Although Miriam had spoken to Levi regularly, in her mind, he was the same kid she’d left: burning both ends of the night to work his way through culinary school, scruffy, overcaffeinated, a feral cat who kept walking into bad choices to see what would happen. He wore the same Black Flag shirt more days than not, he moved just a bit too fast all the time, and he was never quite settled in his own skin.

Noelle remembered an entitled, volatile man who never thought what he had was good enough, and left everyone who tried to love him scorched because he never bothered to stop himself from bursting into flame.

Hannah had thought about Levi every moment since she could remember, and she had every version of him tattooed into her consciousness. When she’d seen him last, he’d been angry, restless, and reckless, barreling out of her life and into the unknown.

The man who walked through the door was not the Levi any of them remembered.

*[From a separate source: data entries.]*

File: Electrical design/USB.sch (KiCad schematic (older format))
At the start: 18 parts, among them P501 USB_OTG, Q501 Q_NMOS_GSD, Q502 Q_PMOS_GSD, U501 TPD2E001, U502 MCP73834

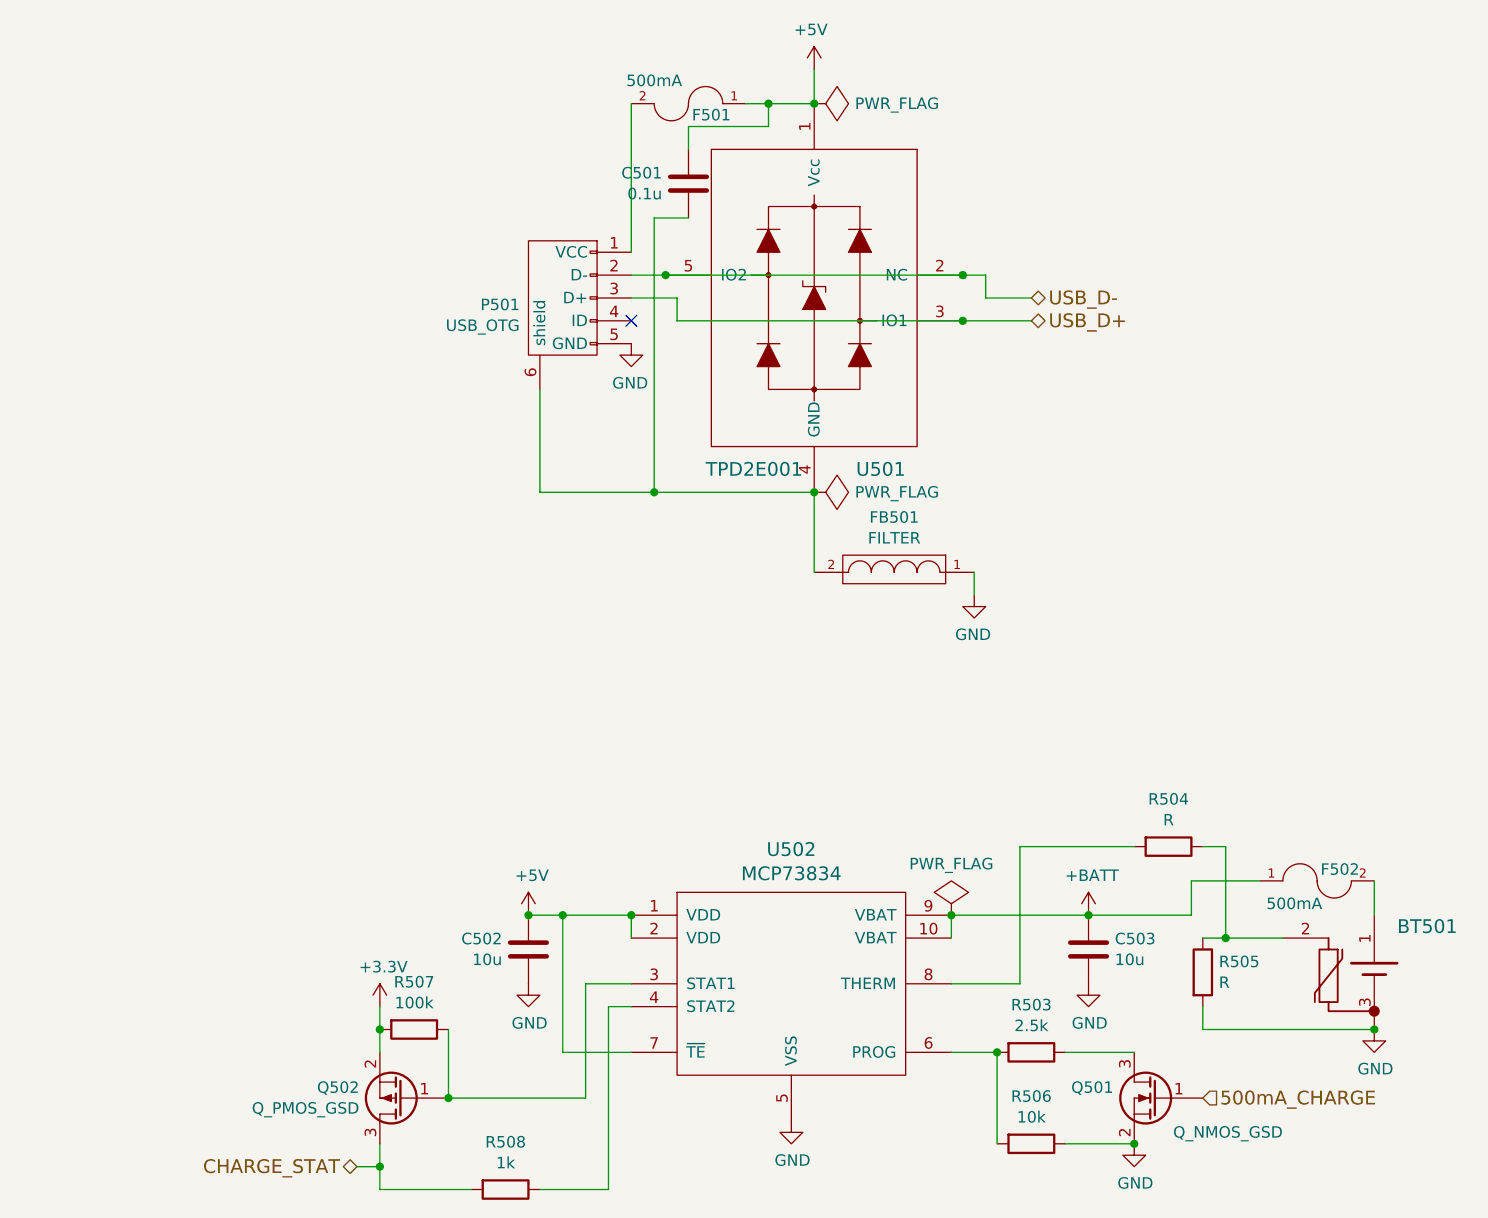
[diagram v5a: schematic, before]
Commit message: Add documentation. Fix some issues found while writing it.
The issues fixed:
Change R245-246 to 1M.
Remove D211-212 and add D213-214.
Power the analog switches from +V_int.
Reconfigure range combination jumpers.
Remove "GND" net.
Correct values of C103-105, and add R106-108 (correcting values of R101-103).
Change +V_int around to be based of +3.3VA instead of +BATT, and clamp to 3.5 V.
Along with above, remove GND rail, mostly replacing with GNDA.
Update PCB for changes.
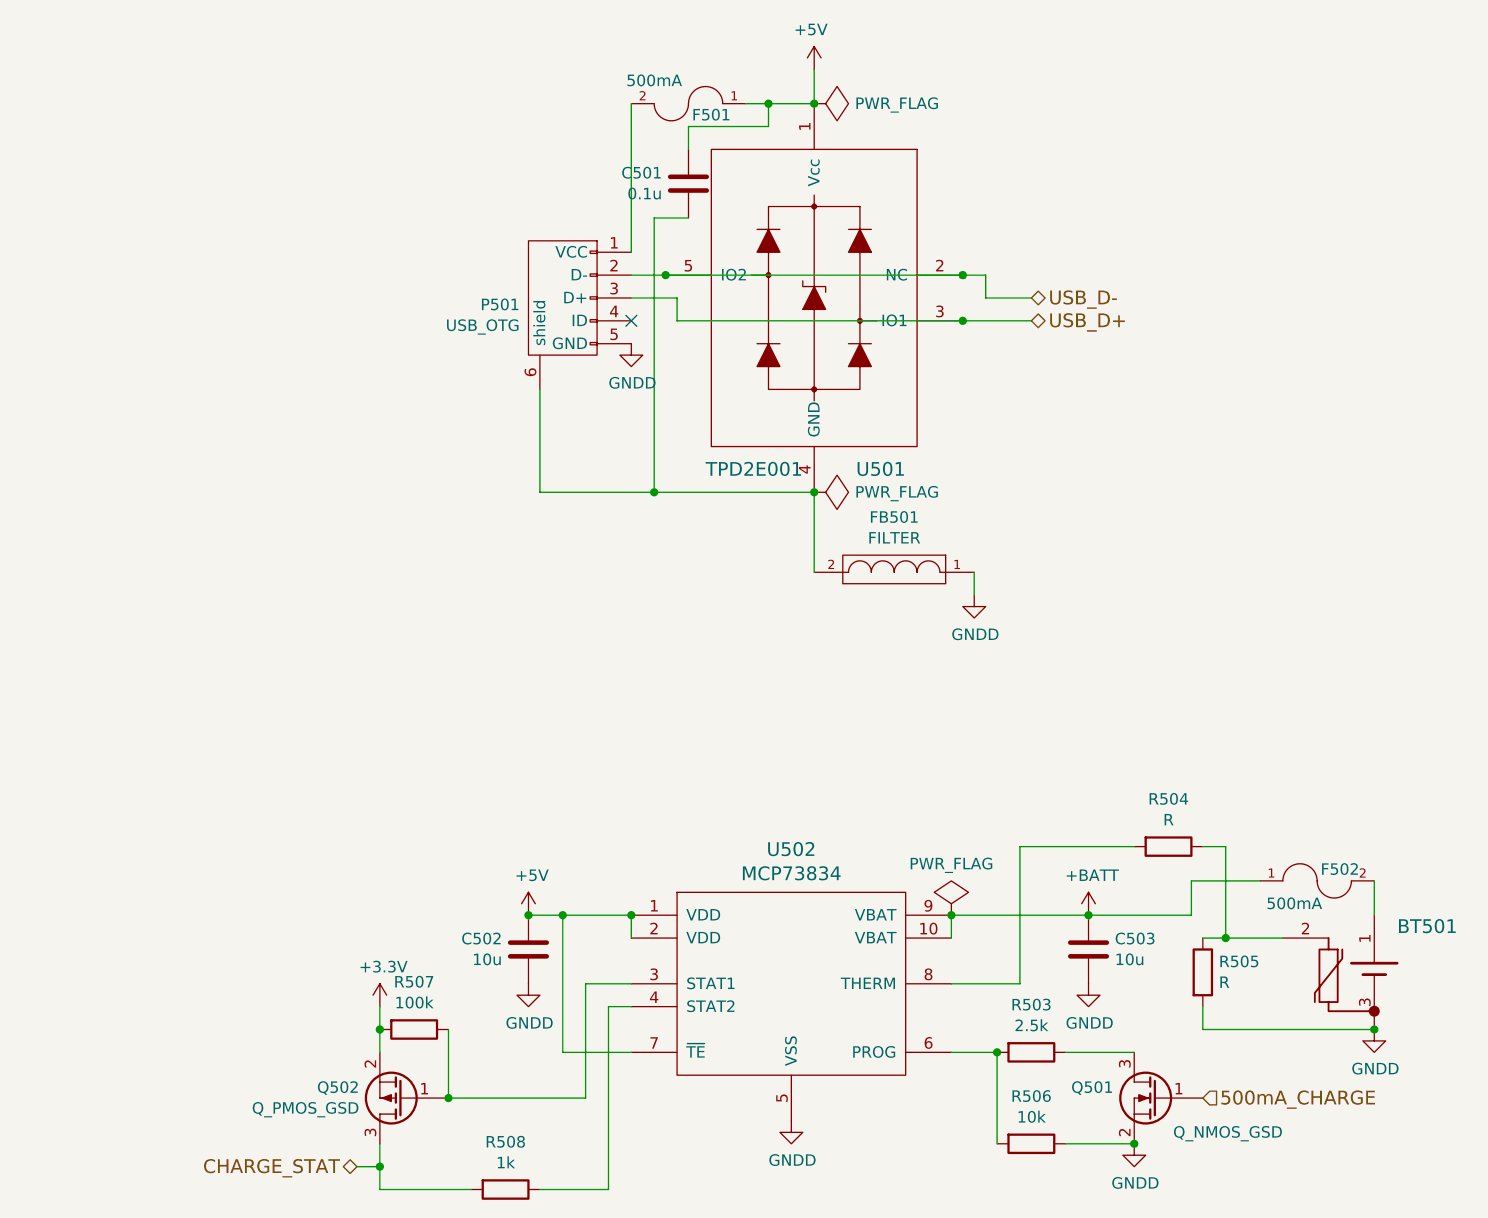
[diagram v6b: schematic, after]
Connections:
- net GND renamed GNDD
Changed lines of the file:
@@
 Sheet 5 5
 Title "USB and charging"
-Date "2016-07-04"
-Rev "0.7"
+Date "2016-07-14"
+Rev "0.8"
 Comp ""
 Comment1 "Licensed under the GNU GPL v3"
@@
 $EndComp
 $Comp
-L +5V #PWR501
+L +5V #PWR064
 U 1 1 57482588
 P 5200 1100
-F 0 "#PWR501" H 5200 950 50  0001 C CNN
+F 0 "#PWR064" H 5200 950 50  0001 C CNN
 F 1 "+5V" H 5215 1273 50  0000 C CNN
 F 2 "" H 5200 1100 50  0000 C CNN
@@
 Text HLabel 6150 2100 2    60   BiDi ~ 0
 USB_D-
-$Comp
-L GND #PWR502
-U 1 1 57482A0F
-P 4400 2300
-F 0 "#PWR502" H 4400 2050 50  0001 C CNN
-F 1 "GND" H 4405 2127 50  0000 C CNN
-F 2 "" H 4400 2300 50  0000 C CNN
-F 3 "" H 4400 2300 50  0000 C CNN
-	1    4400 2300
-	-1   0    0    -1
-$EndComp
 $Comp
 L TPD2E001 U501
@@
 	-1   0    0    -1
 $EndComp
-$Comp
-L GND #PWR503
-U 1 1 57490318
-P 5900 3400
-F 0 "#PWR503" H 5900 3150 50  0001 C CNN
-F 1 "GND" H 5905 3227 50  0000 C CNN
-F 2 "" H 5900 3400 50  0000 C CNN
-F 3 "" H 5900 3400 50  0000 C CNN
-	1    5900 3400
-	-1   0    0    -1
-$EndComp
 NoConn ~ 4400 2200
 Wire Wire Line
@@
 Connection ~ 5850 2000
 $Comp
-L PWR_FLAG #FLG501
+L PWR_FLAG #FLG065
 U 1 1 5767EBE9
 P 5200 1250
-F 0 "#FLG501" H 5200 1345 50  0001 C CNN
+F 0 "#FLG065" H 5200 1345 50  0001 C CNN
 F 1 "PWR_FLAG" V 5200 1428 50  0000 L CNN
 F 2 "" H 5200 1250 50  0000 C CNN
@@
 $EndComp
 $Comp
-L PWR_FLAG #FLG502
+L PWR_FLAG #FLG066
 U 1 1 5767EC78
 P 5200 2950
-F 0 "#FLG502" H 5200 3045 50  0001 C CNN
+F 0 "#FLG066" H 5200 3045 50  0001 C CNN
 F 1 "PWR_FLAG" V 5200 3128 50  0000 L CNN
 F 2 "" H 5200 2950 50  0000 C CNN
@@
 $EndComp
 $Comp
-L +3.3V #PWR508
+L +3.3V #PWR067
 U 1 1 576164CC
 P 3300 5200
-F 0 "#PWR508" H 3300 5050 50  0001 C CNN
+F 0 "#PWR067" H 3300 5050 50  0001 C CNN
 F 1 "+3.3V" H 3315 5373 50  0000 C CNN
 F 2 "" H 3300 5200 50  0000 C CNN
@@
 	5800 5100 6100 5100
 $Comp
-L GND #PWR509
-U 1 1 576152F8
-P 7650 5300
-F 0 "#PWR509" H 7650 5050 50  0001 C CNN
-F 1 "GND" H 7655 5127 50  0000 C CNN
-F 2 "" H 7650 5300 50  0000 C CNN
-F 3 "" H 7650 5300 50  0000 C CNN
-	1    7650 5300
-	1    0    0    -1
-$EndComp
-$Comp
 L Li-Ion_Cell BT501
 U 1 1 57614529
@@
 Wire Wire Line
 	5800 5400 6000 5400
-$Comp
-L GND #PWR510
-U 1 1 57613485
-P 5100 5700
-F 0 "#PWR510" H 5100 5450 50  0001 C CNN
-F 1 "GND" H 5105 5527 50  0000 C CNN
-F 2 "" H 5100 5700 50  0000 C CNN
-F 3 "" H 5100 5700 50  0000 C CNN
-	1    5100 5700
-	1    0    0    -1
-$EndComp
-$Comp
-L GND #PWR507
-U 1 1 5761344A
-P 6400 5100
-F 0 "#PWR507" H 6400 4850 50  0001 C CNN
-F 1 "GND" H 6405 4927 50  0000 C CNN
-F 2 "" H 6400 5100 50  0000 C CNN
-F 3 "" H 6400 5100 50  0000 C CNN
-	1    6400 5100
-	1    0    0    -1
-$EndComp
 Wire Wire Line
 	5800 4900 5800 4800
@@
 	0    1    1    0
 $EndComp
-$Comp
-L GND #PWR506
-U 1 1 57482C8E
-P 3950 5100
-F 0 "#PWR506" H 3950 4850 50  0001 C CNN
-F 1 "GND" H 3955 4927 50  0000 C CNN
-F 2 "" H 3950 5100 50  0000 C CNN
-F 3 "" H 3950 5100 50  0000 C CNN
-	1    3950 5100
-	1    0    0    -1
-$EndComp
 Text HLabel 3200 5900 0    60   3State ~ 0
 CHARGE_STAT
-$Comp
-L GND #PWR511
-U 1 1 57482634
-P 6600 5800
-F 0 "#PWR511" H 6600 5550 50  0001 C CNN
-F 1 "GND" H 6605 5627 50  0000 C CNN
-F 2 "" H 6600 5800 50  0000 C CNN
-F 3 "" H 6600 5800 50  0000 C CNN
-	1    6600 5800
-	1    0    0    -1
-$EndComp
 $Comp
 L R R506
@@
 $EndComp
 $Comp
-L +5V #PWR504
+L +5V #PWR068
 U 1 1 5748259E
 P 3950 4800
-F 0 "#PWR504" H 3950 4650 50  0001 C CNN
+F 0 "#PWR068" H 3950 4650 50  0001 C CNN
 F 1 "+5V" H 3965 4973 50  0000 C CNN
 F 2 "" H 3950 4800 50  0000 C CNN
@@
 $EndComp
 $Comp
-L +BATT #PWR505
+L +BATT #PWR069
 U 1 1 57482544
 P 6400 4800
-F 0 "#PWR505" H 6400 4650 50  0001 C CNN
+F 0 "#PWR069" H 6400 4650 50  0001 C CNN
 F 1 "+BATT" H 6415 4973 50  0000 C CNN
 F 2 "" H 6400 4800 50  0000 C CNN
@@
 	7650 4800 7650 4650
 $Comp
-L PWR_FLAG #FLG503
+L PWR_FLAG #FLG070
 U 1 1 5768BD08
 P 5800 4800
-F 0 "#FLG503" H 5800 4895 50  0001 C CNN
+F 0 "#FLG070" H 5800 4895 50  0001 C CNN
 F 1 "PWR_FLAG" H 5800 5024 50  0000 C CNN
 F 2 "" H 5800 4800 50  0000 C CNN
@@
 	1    0    0    -1
 $EndComp
+$Comp
+L GNDD #PWR071
+U 1 1 57881FC7
+P 7650 5300
+F 0 "#PWR071" H 7650 5050 50  0001 C CNN
+F 1 "GNDD" H 7655 5127 50  0000 C CNN
+F 2 "" H 7650 5300 50  0000 C CNN
+F 3 "" H 7650 5300 50  0000 C CNN
+	1    7650 5300
+	1    0    0    -1
+$EndComp
+$Comp
+L GNDD #PWR072
+U 1 1 57881FFD
+P 6600 5800
+F 0 "#PWR072" H 6600 5550 50  0001 C CNN
+F 1 "GNDD" H 6605 5627 50  0000 C CNN
+F 2 "" H 6600 5800 50  0000 C CNN
+F 3 "" H 6600 5800 50  0000 C CNN
+	1    6600 5800
+	1    0    0    -1
+$EndComp
+$Comp
+L GNDD #PWR073
+U 1 1 57882031
+P 3950 5100
+F 0 "#PWR073" H 3950 4850 50  0001 C CNN
+F 1 "GNDD" H 3955 4927 50  0000 C CNN
+F 2 "" H 3950 5100 50  0000 C CNN
+F 3 "" H 3950 5100 50  0000 C CNN
+	1    3950 5100
+	1    0    0    -1
+$EndComp
+$Comp
+L GNDD #PWR074
+U 1 1 57882065
+P 5100 5700
+F 0 "#PWR074" H 5100 5450 50  0001 C CNN
+F 1 "GNDD" H 5105 5527 50  0000 C CNN
+F 2 "" H 5100 5700 50  0000 C CNN
+F 3 "" H 5100 5700 50  0000 C CNN
+	1    5100 5700
+	1    0    0    -1
+$EndComp
+$Comp
+L GNDD #PWR075
+U 1 1 57882099
+P 4400 2300
+F 0 "#PWR075" H 4400 2050 50  0001 C CNN
+F 1 "GNDD" H 4405 2127 50  0000 C CNN
+F 2 "" H 4400 2300 50  0000 C CNN
+F 3 "" H 4400 2300 50  0000 C CNN
+	1    4400 2300
+	1    0    0    -1
+$EndComp
+$Comp
+L GNDD #PWR076
+U 1 1 578820CD
+P 5900 3400
+F 0 "#PWR076" H 5900 3150 50  0001 C CNN
+F 1 "GNDD" H 5905 3227 50  0000 C CNN
+F 2 "" H 5900 3400 50  0000 C CNN
+F 3 "" H 5900 3400 50  0000 C CNN
+	1    5900 3400
+	1    0    0    -1
+$EndComp
+$Comp
+L GNDD #PWR077
+U 1 1 57882101
+P 6400 5100
+F 0 "#PWR077" H 6400 4850 50  0001 C CNN
+F 1 "GNDD" H 6405 4927 50  0000 C CNN
+F 2 "" H 6400 5100 50  0000 C CNN
+F 3 "" H 6400 5100 50  0000 C CNN
+	1    6400 5100
+	1    0    0    -1
+$EndComp

He was bearded, still, but instead of looking like he’d forgotten to shave, it was full, well-tended, and thick black now. His hair was too long, his curls swooping up over his high brow with a life of their own. His face had thinned and hardened, and his eyebrows spread out over gray eyes the color of a cloudy sky, ringed in smudged kohl. That, at least, hadn’t changed. He wore a gigantic scarf, beat-up boots, and a leather jacket that Hannah would know anywhere.

He was standing completely still, something Miriam wasn’t sure she’d ever seen him do in her life. He looked at home in his own skin, which Hannah knew without a doubt he had never felt before.

He looked like an Adult. A traffic-stopping, smoking hot one.

He also didn’t know Miriam or Noelle were in the room. He’d brushed his hair out of his eyes and looked up, scanning for his mom and finding Hannah instead. Now he was staring at her with such naked longing on his face that Miriam wished she could sink through the floor.

She watched as, in a blink, a mask of indifference shuttered his face. He dropped the bag he’d been carrying in one hand and crossed his arms, leaning his long body against the door frame.

“Hi.” He half smiled, his eyes searching.

“It’s about fucking time,” Hannah said before turning on her heel and walking away.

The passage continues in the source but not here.